2010-05-05 »
Uploading yourself for fun and profit (plus: sshuttle 0.20 "almost" works on MacOS)
After trying out the initial version of sshuttle that I produced this weekend, a few people asked me whether it would be possible to make it work without installing a sshuttle server on the server machine. Can it work with just an sshd, they wondered?
Good question.
Some people pointed out ssh's -D option (dynamic port forwarding using a SOCKS proxy). If we just used that (ie. the sshuttle client transproxies stuff into ssh's SOCKS server), then there wouldn't need to be a server side for sshuttle, and that would solve the problem. But sadly, sshd's latency management is pretty thoroughly awful - among other things, it sets its SO_SNDBUF way too high - so if you have a few connections going at once, performance takes a dump. sshuttle has some clever stuff to make sure that doesn't happen even if you've got giant ISOs downloading over your VPN link. I'd like to keep that.

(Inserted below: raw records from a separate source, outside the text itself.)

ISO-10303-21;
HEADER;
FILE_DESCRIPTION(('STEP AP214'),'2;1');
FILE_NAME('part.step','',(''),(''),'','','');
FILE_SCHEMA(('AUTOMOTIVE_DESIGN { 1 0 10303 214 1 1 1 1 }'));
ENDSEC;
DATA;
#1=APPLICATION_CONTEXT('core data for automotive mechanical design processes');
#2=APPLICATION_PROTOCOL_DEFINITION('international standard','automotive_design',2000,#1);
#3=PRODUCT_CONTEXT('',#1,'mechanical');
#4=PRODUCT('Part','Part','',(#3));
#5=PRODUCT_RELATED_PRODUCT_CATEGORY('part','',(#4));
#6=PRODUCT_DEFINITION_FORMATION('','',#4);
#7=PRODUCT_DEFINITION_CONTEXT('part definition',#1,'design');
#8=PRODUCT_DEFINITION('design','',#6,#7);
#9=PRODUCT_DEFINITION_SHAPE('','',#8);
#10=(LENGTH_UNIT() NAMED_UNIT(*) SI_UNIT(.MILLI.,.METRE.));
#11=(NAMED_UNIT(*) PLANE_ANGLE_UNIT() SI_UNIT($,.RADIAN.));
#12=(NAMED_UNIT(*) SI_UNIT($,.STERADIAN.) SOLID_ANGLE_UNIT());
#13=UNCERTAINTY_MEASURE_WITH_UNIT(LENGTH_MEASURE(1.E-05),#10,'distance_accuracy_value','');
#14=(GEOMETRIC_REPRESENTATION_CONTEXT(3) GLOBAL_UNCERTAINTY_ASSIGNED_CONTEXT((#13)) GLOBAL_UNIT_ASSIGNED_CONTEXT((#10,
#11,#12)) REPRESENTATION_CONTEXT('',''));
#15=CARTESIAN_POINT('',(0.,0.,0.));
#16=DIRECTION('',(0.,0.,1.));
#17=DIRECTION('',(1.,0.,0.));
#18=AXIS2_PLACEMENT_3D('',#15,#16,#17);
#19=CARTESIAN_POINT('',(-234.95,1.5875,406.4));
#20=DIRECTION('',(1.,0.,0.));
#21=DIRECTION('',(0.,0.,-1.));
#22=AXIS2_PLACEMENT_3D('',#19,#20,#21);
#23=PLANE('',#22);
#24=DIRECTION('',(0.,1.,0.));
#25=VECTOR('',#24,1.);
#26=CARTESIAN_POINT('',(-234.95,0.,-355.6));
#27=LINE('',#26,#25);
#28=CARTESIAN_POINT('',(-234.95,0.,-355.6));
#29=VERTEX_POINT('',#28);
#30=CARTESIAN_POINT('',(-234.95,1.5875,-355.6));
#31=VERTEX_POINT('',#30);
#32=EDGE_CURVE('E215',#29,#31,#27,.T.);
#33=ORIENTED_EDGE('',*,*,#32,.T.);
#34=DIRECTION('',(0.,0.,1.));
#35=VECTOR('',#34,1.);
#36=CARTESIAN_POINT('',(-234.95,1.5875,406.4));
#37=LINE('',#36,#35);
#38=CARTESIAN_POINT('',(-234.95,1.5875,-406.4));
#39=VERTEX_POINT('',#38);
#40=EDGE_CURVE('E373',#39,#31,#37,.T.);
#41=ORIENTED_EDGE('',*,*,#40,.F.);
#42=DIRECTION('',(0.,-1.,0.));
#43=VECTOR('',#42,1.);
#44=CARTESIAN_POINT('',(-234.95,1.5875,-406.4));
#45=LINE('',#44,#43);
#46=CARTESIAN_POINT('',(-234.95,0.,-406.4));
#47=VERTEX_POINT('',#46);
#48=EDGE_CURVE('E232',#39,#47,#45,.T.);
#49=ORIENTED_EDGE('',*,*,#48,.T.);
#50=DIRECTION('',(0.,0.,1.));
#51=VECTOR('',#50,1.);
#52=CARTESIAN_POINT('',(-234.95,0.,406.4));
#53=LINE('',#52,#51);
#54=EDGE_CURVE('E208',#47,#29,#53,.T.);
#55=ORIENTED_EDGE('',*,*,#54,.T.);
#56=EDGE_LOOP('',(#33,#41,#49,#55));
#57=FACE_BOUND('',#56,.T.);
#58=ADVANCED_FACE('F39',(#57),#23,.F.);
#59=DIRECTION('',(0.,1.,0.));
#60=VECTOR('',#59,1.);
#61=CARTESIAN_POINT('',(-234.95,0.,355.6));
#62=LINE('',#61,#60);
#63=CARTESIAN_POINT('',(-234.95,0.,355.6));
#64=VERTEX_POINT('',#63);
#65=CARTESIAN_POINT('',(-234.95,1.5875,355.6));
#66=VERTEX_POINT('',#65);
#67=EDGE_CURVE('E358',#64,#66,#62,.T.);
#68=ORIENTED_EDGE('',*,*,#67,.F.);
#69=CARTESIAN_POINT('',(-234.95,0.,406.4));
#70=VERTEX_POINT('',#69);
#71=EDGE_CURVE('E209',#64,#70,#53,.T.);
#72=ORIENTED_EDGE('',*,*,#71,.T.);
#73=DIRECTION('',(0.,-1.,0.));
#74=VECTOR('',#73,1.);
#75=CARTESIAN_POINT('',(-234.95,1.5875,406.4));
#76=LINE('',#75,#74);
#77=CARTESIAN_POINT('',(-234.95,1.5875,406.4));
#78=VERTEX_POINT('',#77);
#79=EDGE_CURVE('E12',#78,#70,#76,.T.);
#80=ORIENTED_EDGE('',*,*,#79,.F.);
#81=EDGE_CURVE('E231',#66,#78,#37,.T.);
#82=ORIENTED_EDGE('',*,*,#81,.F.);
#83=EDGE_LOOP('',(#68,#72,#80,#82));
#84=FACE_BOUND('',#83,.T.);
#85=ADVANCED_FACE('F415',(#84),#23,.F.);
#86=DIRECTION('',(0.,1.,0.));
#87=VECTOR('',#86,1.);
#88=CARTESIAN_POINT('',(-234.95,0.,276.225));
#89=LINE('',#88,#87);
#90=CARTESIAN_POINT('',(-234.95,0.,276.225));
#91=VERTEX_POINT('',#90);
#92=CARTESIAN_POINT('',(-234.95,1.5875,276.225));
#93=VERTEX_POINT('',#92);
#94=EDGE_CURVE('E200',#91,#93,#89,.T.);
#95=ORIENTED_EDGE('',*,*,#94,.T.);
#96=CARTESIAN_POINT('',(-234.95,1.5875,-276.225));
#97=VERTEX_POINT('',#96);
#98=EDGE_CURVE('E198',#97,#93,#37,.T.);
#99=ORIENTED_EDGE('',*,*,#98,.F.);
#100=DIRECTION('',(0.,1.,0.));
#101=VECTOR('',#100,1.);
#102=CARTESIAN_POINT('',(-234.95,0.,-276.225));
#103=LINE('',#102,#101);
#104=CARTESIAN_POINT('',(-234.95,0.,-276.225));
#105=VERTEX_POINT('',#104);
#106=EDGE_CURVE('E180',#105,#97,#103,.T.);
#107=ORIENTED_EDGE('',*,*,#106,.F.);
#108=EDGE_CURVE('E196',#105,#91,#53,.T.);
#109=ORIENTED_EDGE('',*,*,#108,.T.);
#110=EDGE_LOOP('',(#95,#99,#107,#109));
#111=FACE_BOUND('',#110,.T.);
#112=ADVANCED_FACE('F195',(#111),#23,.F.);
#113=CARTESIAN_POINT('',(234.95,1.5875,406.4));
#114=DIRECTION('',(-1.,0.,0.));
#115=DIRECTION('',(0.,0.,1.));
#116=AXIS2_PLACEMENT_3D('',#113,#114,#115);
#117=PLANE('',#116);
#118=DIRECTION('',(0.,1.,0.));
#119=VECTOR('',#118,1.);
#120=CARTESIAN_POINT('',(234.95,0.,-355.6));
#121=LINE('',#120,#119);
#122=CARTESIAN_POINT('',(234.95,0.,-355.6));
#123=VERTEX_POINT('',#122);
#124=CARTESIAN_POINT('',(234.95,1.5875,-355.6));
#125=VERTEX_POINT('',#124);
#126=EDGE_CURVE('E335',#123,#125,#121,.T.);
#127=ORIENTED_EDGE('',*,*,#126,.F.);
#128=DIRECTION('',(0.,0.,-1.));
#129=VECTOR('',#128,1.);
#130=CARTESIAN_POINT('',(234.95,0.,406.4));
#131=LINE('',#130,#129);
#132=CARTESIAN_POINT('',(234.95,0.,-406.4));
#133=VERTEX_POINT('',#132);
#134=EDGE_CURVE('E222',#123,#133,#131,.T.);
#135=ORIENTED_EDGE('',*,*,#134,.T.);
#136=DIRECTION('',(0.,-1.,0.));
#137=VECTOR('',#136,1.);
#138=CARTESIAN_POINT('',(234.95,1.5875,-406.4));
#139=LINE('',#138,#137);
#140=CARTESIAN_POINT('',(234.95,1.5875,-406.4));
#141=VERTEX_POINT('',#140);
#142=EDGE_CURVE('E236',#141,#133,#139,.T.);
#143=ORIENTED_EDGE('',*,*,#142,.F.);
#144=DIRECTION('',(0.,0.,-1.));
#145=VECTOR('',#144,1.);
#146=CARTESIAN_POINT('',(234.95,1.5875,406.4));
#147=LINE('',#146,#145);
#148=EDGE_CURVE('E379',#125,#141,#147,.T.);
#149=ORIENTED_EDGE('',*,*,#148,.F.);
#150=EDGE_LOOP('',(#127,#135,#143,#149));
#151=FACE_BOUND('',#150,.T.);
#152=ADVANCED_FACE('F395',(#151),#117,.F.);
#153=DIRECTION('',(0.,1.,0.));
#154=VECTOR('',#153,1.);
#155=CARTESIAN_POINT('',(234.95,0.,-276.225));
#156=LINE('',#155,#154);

So then I said to myself, hey, self, what if we just uploaded our source code to the remote server and executed it automatically? It works for viruses (technically worms), after all.
You know it's never a good thing when I start talking to myself. And yet the result is surprisingly simple and elegant. Here's a simplified version of what the "stage 1 reassembler" looks like:
ssh hostname python -c ' import sys; exec compile(sys.stdin.read(%d), "assembler.py", "exec")'
Where "%d" is substituted with the length of assembler.py. Assembler.py, by the way, is the "stage 2 reassembler," which looks like this:
import sys, zlib z = zlib.decompressobj() mainmod = sys.modules[__name__] while 1: name = sys.stdin.readline().strip() if name: nbytes = int(sys.stdin.readline()) if verbosity >= 2: sys.stderr.write('remote assembling %r (%d bytes)\n' % (name, nbytes)) content = z.decompress(sys.stdin.read(nbytes)) exec compile(content, name, "exec") # FIXME: this crushes everything into a single module namespace, # then makes each of the module names point at this one. Gross. assert(name.endswith('.py')) modname = name[:-3] mainmod.__dict__[modname] = mainmod else: break main()
Yeah, that's right, I gzipped it.
You know the best part? When the server throws an exception, it still gives the right filenames and line numbers in the backtrace, because we assemble each file separately.
If anybody knows the right python incantation to make it import each of the modules as a separate actual module object (rather than just dumping it all into the global namespace, as the comment indicates) please send a patch.
Grab the latest version of sshuttle VPN on GitHub.
"Almost" works on MacOS
Responding to popular request, I thought I would try to get the sshuttle client working on MacOS. (The sshuttle server already works - or at least it should work - on just about any platform with an sshd.)
MacOS, being based on BSD, uses the same ipfw stuff as FreeBSD seems to use. So it "should" be just a matter of having it auto-detect whether the current system uses iptables or ipfw, then run the right commands, right?
Well, almost. I did all that stuff, and I've almost got the rules working, but I just can't make it work right. I'm using MacOS X Snow Leopard on my laptop. I checked it in and pushed it anyway in case anybody wants to take a look; the final fix is probably a one liner.
For more information on my conundrum, see my (as yet unanswered) question on ServerFault. If you can contribute an answer, you'll forever be my hero. Even if you don't know anything about ipfw, if you could run through the steps on your version of MacOS or BSD and tell me what happens, it could help narrow things down.
Enjoy!
Update 2010/05/05: Thanks to Ed Maste and drheld for helping confirm. It seems that FreeBSD and MacOS 10.5 Leopard work fine - which means sshuttle 0.20 should work for you, yay! - while Snow Leopard consistently does not.
Really, that restores a bit of balance to the universe; since everyone I know who's upgraded to Snow Leopard went through huge pain and suffering, I was a little shocked to find that my own upgrade had been harmless, and one friend's upgrade really did make their computer go much faster (boggle). Now that Snow Leopard has finally screwed me after all, I once again feel like things are as they should be.